Friday, 11:10 - 12:30 - Room 105
Stream: Large scale optimization
The applications of interior point methods (IPMs) have become incredibly diverse. The advantages of this clever class of methods go beyond linear and nonlinear programming. Indeed, several solution methods often used to solve combinatorial optimization problems can also take benefit from central solutions provided by IPMs. In this talk, we review the currently most successful strategies in this context and present the results of experiments with large-scale, real-life instances of vehicle routing problems, obtained from a case study developed with an oil company that operates in Brazil.
The focus of this talk is on the linear systems that arise from the application of Primal-Dual Interior Point methods to convex quadratic programming problems in standard form. The block structure of the matrices allows for formulations differing in their dimensions and spectral properties. We consider the unreduced 3x3 block linear systems and their symmetric and unsymmetric formulations and provide new spectral bounds. Then we present a theoretical and experimental analysis of the iterative solution of unreduced systems in the preconditioned regime.

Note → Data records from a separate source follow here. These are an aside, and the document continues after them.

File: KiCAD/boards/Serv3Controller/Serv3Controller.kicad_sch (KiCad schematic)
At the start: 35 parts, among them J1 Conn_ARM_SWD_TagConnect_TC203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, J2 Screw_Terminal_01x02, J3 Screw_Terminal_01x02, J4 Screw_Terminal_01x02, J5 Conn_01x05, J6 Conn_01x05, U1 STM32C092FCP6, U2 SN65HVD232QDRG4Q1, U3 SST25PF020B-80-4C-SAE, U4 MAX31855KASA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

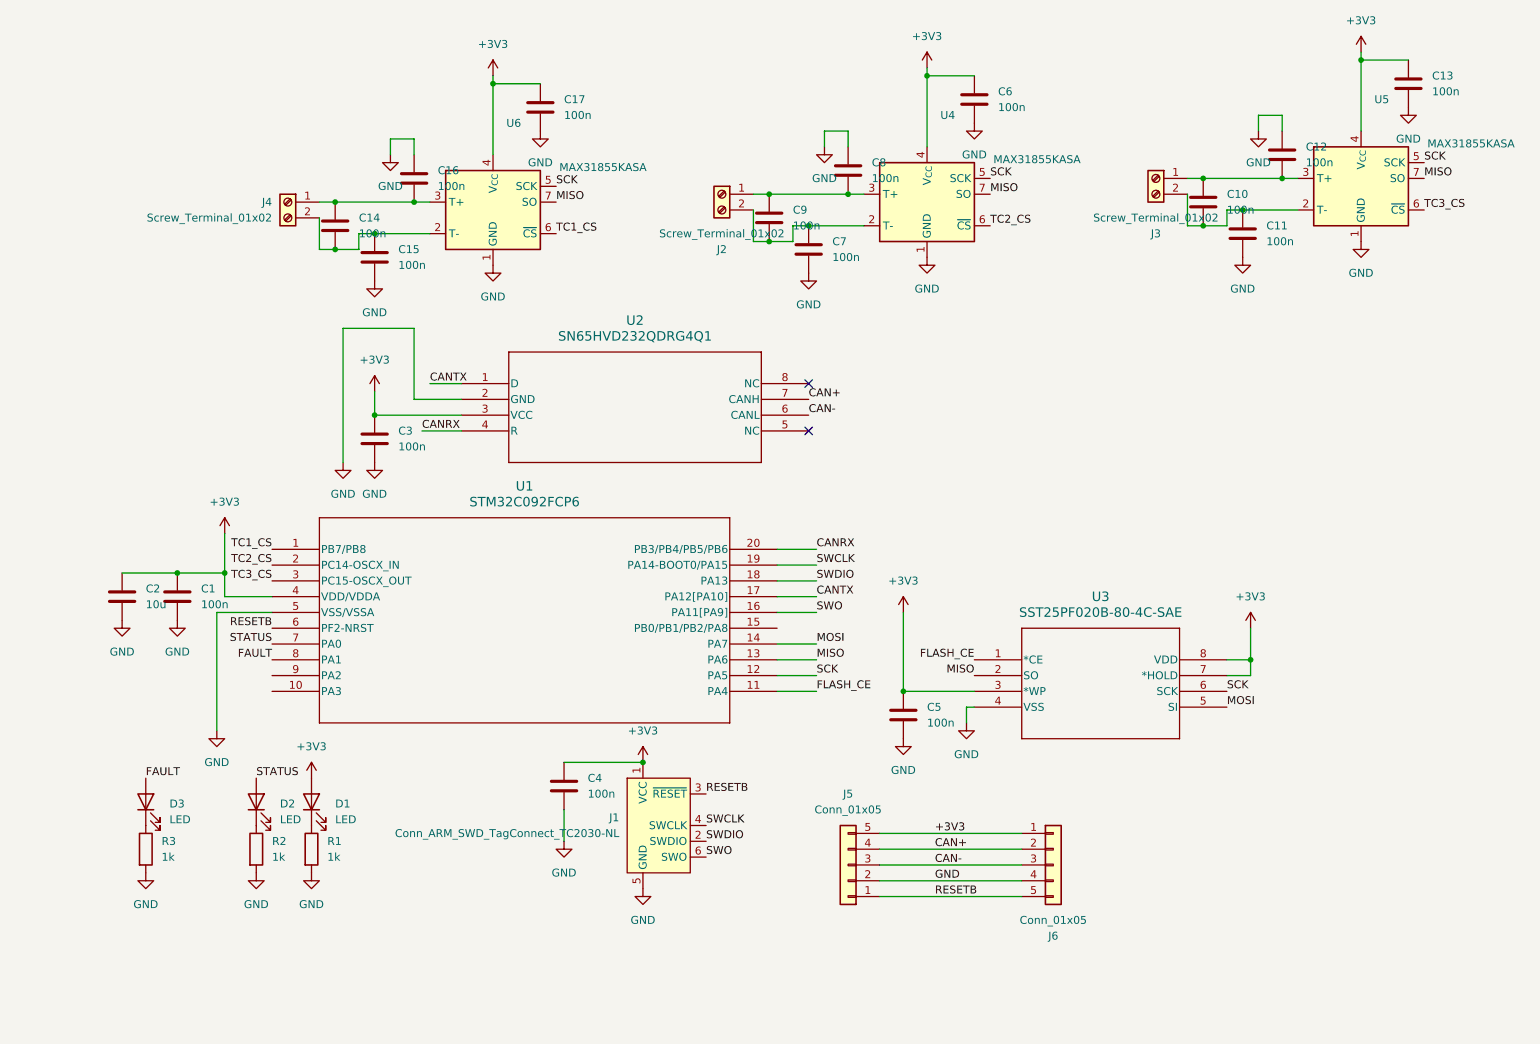
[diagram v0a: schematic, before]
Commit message: Servo controller board & fixes to TC board
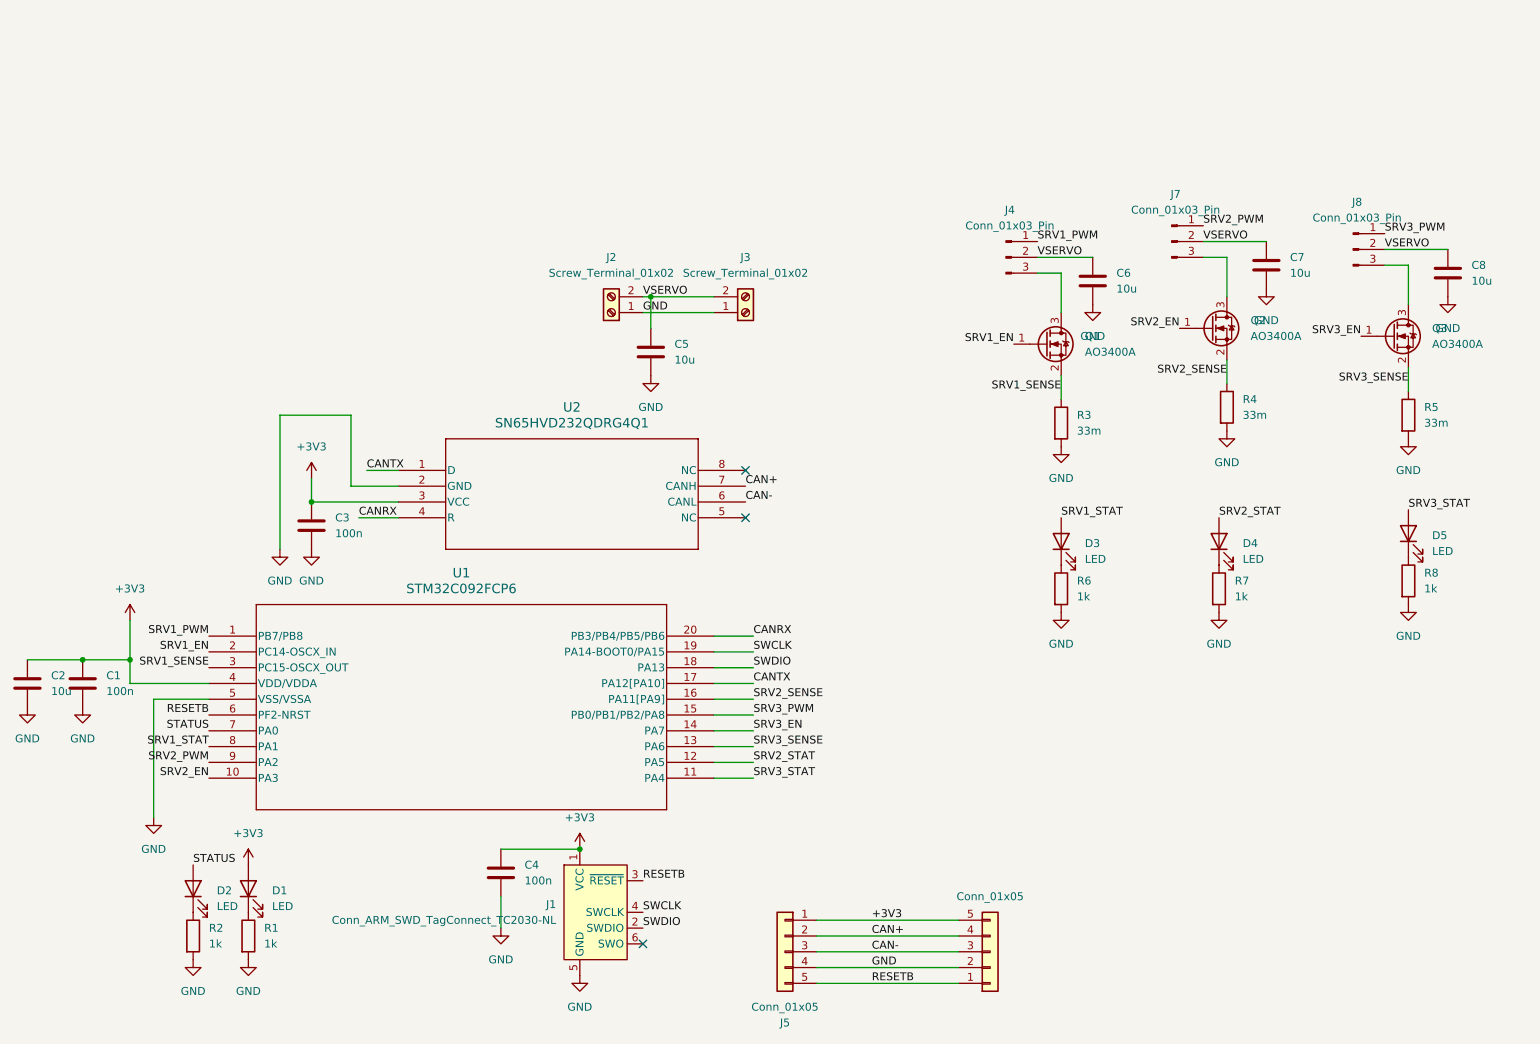
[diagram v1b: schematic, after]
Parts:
- removed C10, C11, C12, C13, C14, C15, C16, C17, C9: 100n, Capacitor_SMD:C_0603_1608Metric, symbol Device:C
- removed J4: Screw_Terminal_01x02, TerminalBlock:TerminalBlock_Xinya_XY308-2.54-2P_1x02_P2.54mm_Horizontal, symbol Connector:Screw_Terminal_01x02
- removed U3: SST25PF020B-80-4C-SAE, footprints:SOIC8_SA_SST_MCH, symbol 2025-06-11_00-53-44:SST25PF020B-80-4C-SAE
- removed U4, U5, U6: MAX31855KASA, Package_SO:SOIC-8_3.9x4.9mm_P1.27mm, symbol Sensor_Temperature:MAX31855KASA
- added D4, D5: LED, LED_SMD:LED_0603_1608Metric, symbol Device:LED
- added J4, J7, J8: Conn_01x03_Pin, Connector_PinHeader_2.54mm:PinHeader_1x03_P2.54mm_Vertical, symbol Connector:Conn_01x03_Pin
- added Q1, Q2, Q3: AO3400A, Package_TO_SOT_SMD:SOT-23, symbol Transistor_FET:AO3400A
- added R4, R5: 33m, Resistor_SMD:R_0603_1608Metric, symbol Device:R
- added R6, R7, R8: 1k, Resistor_SMD:R_0603_1608Metric, symbol Device:R
- C5, C6, C7, C8: value 100n -> 10u
- R3: value 1k -> 33m
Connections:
- net +3V3: now also J5.1 (Pin_1), J6.5 (Pin_5); no longer C5.1, C6.1, J5.5 (Pin_5), J6.1 (Pin_1)
- net CAN+: now also J5.2 (Pin_2), J6.4 (Pin_4); no longer J5.4 (Pin_4), J6.2 (Pin_2)
- net GND: now also C8.2, J2.1 (Pin_1), J3.1 (Pin_1), J5.4 (Pin_4), J6.2 (Pin_2), R4.2, R5.2, R6.2, R7.2, R8.2; no longer C8.1, J5.2 (Pin_2), J6.4 (Pin_4)
- net RESETB: now also J5.5 (Pin_5), J6.1 (Pin_1); no longer J5.1 (Pin_1), J6.5 (Pin_5)
- net at D3.1 (K): now also R6.1; no longer R3.1
- net VSERVO: now reaches C7.1, J2.2 (Pin_2)
- net VSERVO: now also C5.1, C6.1, C8.1, J3.2 (Pin_2), J4.2 (Pin_2), J7.2 (Pin_2), J8.2 (Pin_2)
- net SRV2_EN: now reaches U1.10 (PA3)
- net SRV2_EN: now also Q2.1 (G)
- net SRV3_PWM: now reaches U1.15 (PB0/PB1/PB2/PA8)
- net SRV3_PWM: now also J8.1 (Pin_1)
- net SRV2_PWM: now reaches U1.9 (PA2)
- net SRV2_PWM: now also J7.1 (Pin_1)
- net FAULT renamed SRV1_STAT
- net FLASH_CE renamed SRV3_STAT
- net SRV3_STAT: now also D5.2 (A)
- net MISO renamed SRV3_SENSE
- net SRV3_SENSE: now also Q3.2 (S), R5.1
- net MOSI renamed SRV3_EN
- net SRV3_EN: now also Q3.1 (G)
- net SCK renamed SRV2_STAT
- net SRV2_STAT: now also D4.2 (A)
- net SWO: no longer names the net of J1.6 (SWO)
- net SWO: no longer U1.16 (PA11[PA9])
- net TC1_CS renamed SRV1_PWM
- net SRV1_PWM: now also J4.1 (Pin_1)
- net TC2_CS renamed SRV1_EN
- net SRV1_EN: now also Q1.1 (G)
- net TC3_CS renamed SRV1_SENSE
- net SRV1_SENSE: now also R3.1, Q1.2 (S)
- new net: J4.3 (Pin_3), Q1.3 (D)
- new net: J7.3 (Pin_3), Q2.3 (D)
- new net: J8.3 (Pin_3), Q3.3 (D)
- new net: D5.1 (K), R8.1
- new net: D4.1 (K), R7.1
- new net SRV2_SENSE: Q2.2 (S), R4.1, U1.16 (PA11[PA9])
- no-connect marks 2 -> 3
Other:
- moved on the sheet: C1, C2, C3, C4, D1, D2, J1, J5, R1, R2, U1, U2

A method is described for finding a nonsingular submatrix of a rectangular matrix A. The method is based on LU factorization and is suitable when A is large and sparse. It uses theoretical results from rank revealing LU factorization to control the condition number of the submatrix even if A is ill conditioned. The method can be applied to obtain a stable null space operator of A or to compute constraint preconditioners for KKT systems. The numerical stability of the factors is vital in the context of interior point methods when highly ill conditioned systems are solved iteratively.
Interior point methods are well-suited for multistage stochastic NLPs if an efficient algorithm for the huge KKT system is available. For large scenario trees with a moderate number of node variables we present a distributed algorithm with low communication overhead using a static tree partitioning. We also address structured quasi-Newton updates and inertia corrections to handle non-convexity or rank-deficiency of the KKT system. Computational results for benchmark problems from portfolio optimization and robust model predictive control demonstrate the performance of our approach.